Our Feed Creator application can turn a webpage into an RSS feed. It’s useful for sites that don’t offer their own feeds. In the last post we noted that Reuters killed off their official RSS feeds last year, and we provided alternative feeds made with our Feed Creator application.

What’s an RSS feed?

RSS feeds typically contain the most recent items associated with a resource. An RSS feed provided by a news site will contain its most recent news items. RSS feeds conform to a standardised, machine-readable XML-based format, allowing them to be read by and integrated into many different systems.
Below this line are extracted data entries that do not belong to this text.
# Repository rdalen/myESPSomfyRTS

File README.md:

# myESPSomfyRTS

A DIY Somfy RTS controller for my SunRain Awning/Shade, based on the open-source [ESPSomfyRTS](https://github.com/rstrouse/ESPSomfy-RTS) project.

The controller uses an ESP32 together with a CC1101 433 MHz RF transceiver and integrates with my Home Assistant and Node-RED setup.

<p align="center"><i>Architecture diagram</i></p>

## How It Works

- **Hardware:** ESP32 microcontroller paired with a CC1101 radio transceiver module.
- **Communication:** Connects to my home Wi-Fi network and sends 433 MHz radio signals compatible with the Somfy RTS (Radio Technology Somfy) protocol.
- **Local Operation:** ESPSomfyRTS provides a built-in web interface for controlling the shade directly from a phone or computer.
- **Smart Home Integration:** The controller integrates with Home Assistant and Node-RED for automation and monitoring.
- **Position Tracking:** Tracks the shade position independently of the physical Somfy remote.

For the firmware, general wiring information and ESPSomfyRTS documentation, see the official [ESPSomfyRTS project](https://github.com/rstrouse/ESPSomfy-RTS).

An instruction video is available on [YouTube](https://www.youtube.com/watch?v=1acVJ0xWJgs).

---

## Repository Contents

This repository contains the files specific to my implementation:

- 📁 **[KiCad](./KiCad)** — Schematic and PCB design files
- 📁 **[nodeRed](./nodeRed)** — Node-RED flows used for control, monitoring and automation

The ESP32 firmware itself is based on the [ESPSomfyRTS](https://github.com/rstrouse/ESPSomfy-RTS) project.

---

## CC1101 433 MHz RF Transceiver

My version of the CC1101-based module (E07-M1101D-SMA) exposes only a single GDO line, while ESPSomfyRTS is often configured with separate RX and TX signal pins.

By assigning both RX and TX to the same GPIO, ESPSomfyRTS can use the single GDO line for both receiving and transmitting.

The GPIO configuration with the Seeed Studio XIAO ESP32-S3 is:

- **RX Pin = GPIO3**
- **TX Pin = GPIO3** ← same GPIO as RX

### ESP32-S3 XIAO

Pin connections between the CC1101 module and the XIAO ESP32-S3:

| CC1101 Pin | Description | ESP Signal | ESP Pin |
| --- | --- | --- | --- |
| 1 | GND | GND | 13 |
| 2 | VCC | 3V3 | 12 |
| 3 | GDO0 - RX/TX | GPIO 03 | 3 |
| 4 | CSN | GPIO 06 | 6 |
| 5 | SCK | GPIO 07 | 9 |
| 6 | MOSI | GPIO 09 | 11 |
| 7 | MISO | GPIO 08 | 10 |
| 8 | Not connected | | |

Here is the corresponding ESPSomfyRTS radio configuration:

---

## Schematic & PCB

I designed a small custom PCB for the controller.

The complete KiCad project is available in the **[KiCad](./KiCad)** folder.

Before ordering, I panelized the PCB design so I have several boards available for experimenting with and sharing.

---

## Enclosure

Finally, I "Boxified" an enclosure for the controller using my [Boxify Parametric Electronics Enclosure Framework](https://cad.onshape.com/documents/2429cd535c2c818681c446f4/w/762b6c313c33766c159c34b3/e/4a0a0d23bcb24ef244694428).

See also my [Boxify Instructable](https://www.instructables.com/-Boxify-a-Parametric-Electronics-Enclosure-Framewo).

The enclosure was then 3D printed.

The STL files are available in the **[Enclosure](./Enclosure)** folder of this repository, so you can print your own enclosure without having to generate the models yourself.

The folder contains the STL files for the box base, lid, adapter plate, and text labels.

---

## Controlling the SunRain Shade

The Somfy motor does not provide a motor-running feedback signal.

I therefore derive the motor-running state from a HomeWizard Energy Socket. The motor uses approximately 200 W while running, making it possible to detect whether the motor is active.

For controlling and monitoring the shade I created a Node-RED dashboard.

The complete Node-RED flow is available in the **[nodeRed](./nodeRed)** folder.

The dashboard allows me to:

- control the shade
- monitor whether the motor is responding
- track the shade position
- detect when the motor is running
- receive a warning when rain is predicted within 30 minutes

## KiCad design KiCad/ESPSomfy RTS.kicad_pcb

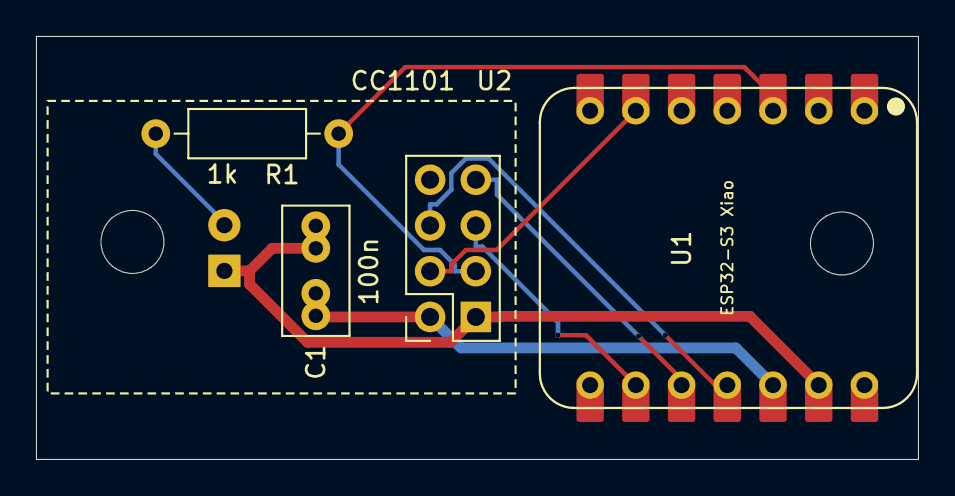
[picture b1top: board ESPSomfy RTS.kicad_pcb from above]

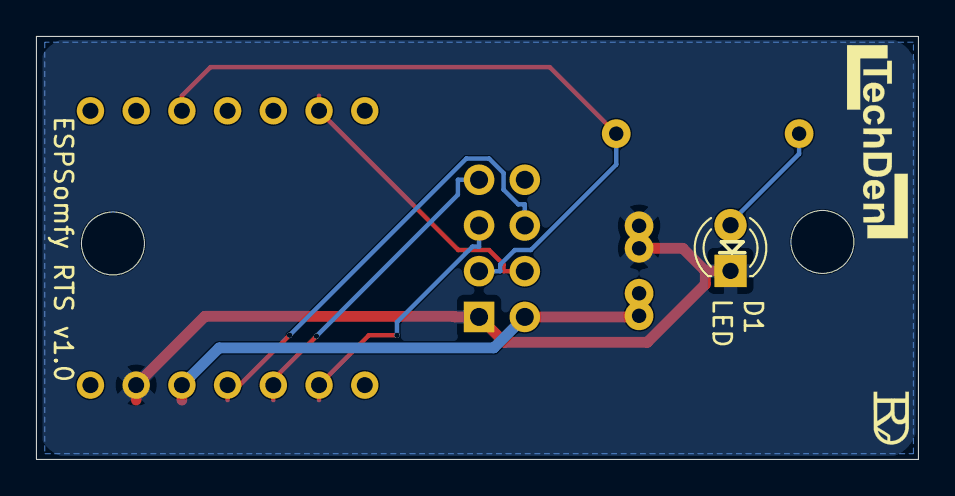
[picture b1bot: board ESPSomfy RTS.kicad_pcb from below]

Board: 2 copper layers, 49.0 x 23.5 mm, 7 parts (3 on the bottom side), 8 nets.

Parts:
C1: 100n; C-Common-THT-P5.08mm
D1: LED; LED-D3.0mm
Logo1: Logo-RvD; LOGO-RvD-inverted-small
Logo2: Logo-TechDen; LOGO-TechDen-inverted
R1: 1k; R-Common-THT-P10.16mm
U1: ESP32-S3 Xiao; MOD-ESP32-S3-XIAO-DIP
U2: CC1101; MOD-CC1101

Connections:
3V3: C1.1 (+), U1.12 (VCC_3V3), U2.2 (VCC)
/GPIO3: R1.1 (+), U1.3 (D2), U2.3 (Tx/Rx)
/GPIO6: U1.6 (D5), U2.4 (CSN)
/GPIO7: U1.9 (D8), U2.5 (SCK)
/GPIO8: U1.10 (D9), U2.7 (MISO)
/GPIO9: U1.11 (D10), U2.6 (MOSI)
unnamed: D1.2 (A+), R1.2 (-)
U-GND: C1.2 (-), D1.1 (K-), U1.13 (GND), U2.1 (GND)

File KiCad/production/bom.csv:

Designator,Footprint,Quantity,Value,LCSC Part #
"C1_8, C1_7, C1_6, C1_5, C1_4, C1_3, C1_2, C1",C-Common-THT-P5.08mm,8,100n,
"D1_8, D1_7, D1_6, D1_5, D1_4, D1_3, D1_2, D1",LED-D3.0mm,8,LED,
"LOGO1_8, LOGO1_7, LOGO1_6, LOGO1_5, LOGO1_4, LOGO1_3, LOGO1_2, LOGO1",LOGO-RvD-inverted-small,8,Logo-RvD,
"LOGO2_8, LOGO2_7, LOGO2_6, LOGO2_5, LOGO2_4, LOGO2_3, LOGO2_2, LOGO2",LOGO-TechDen-inverted,8,Logo-TechDen,
"R1_8, R1_7, R1_6, R1_5, R1_4, R1_3, R1_2, R1",R-Common-THT-P10.16mm,8,1k,
"U1_8, U1_7, U1_6, U1_5, U1_4, U1_3, U1_2, U1",MOD-ESP32-S3-XIAO-DIP,8,ESP32-S3 Xiao,
"U2_8, U2_7, U2_6, U2_5, U2_4, U2_3, U2_2, U2",MOD-CC1101,8,CC1101,

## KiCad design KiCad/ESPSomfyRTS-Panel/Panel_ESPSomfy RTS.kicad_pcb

Feed Creator works by converting a set of items on a webpage into a standard RSS feed. The items don’t have to be news stories: they can be search results, job listings, blog posts, podcast episodes, anything really. At a minimum, a feed item should contain either a title or a description.

Webpage into RSS feed with Feed Creator

Use the generated RSS feed to monitor the page for new items, and integrate it with other applications and services that read feeds.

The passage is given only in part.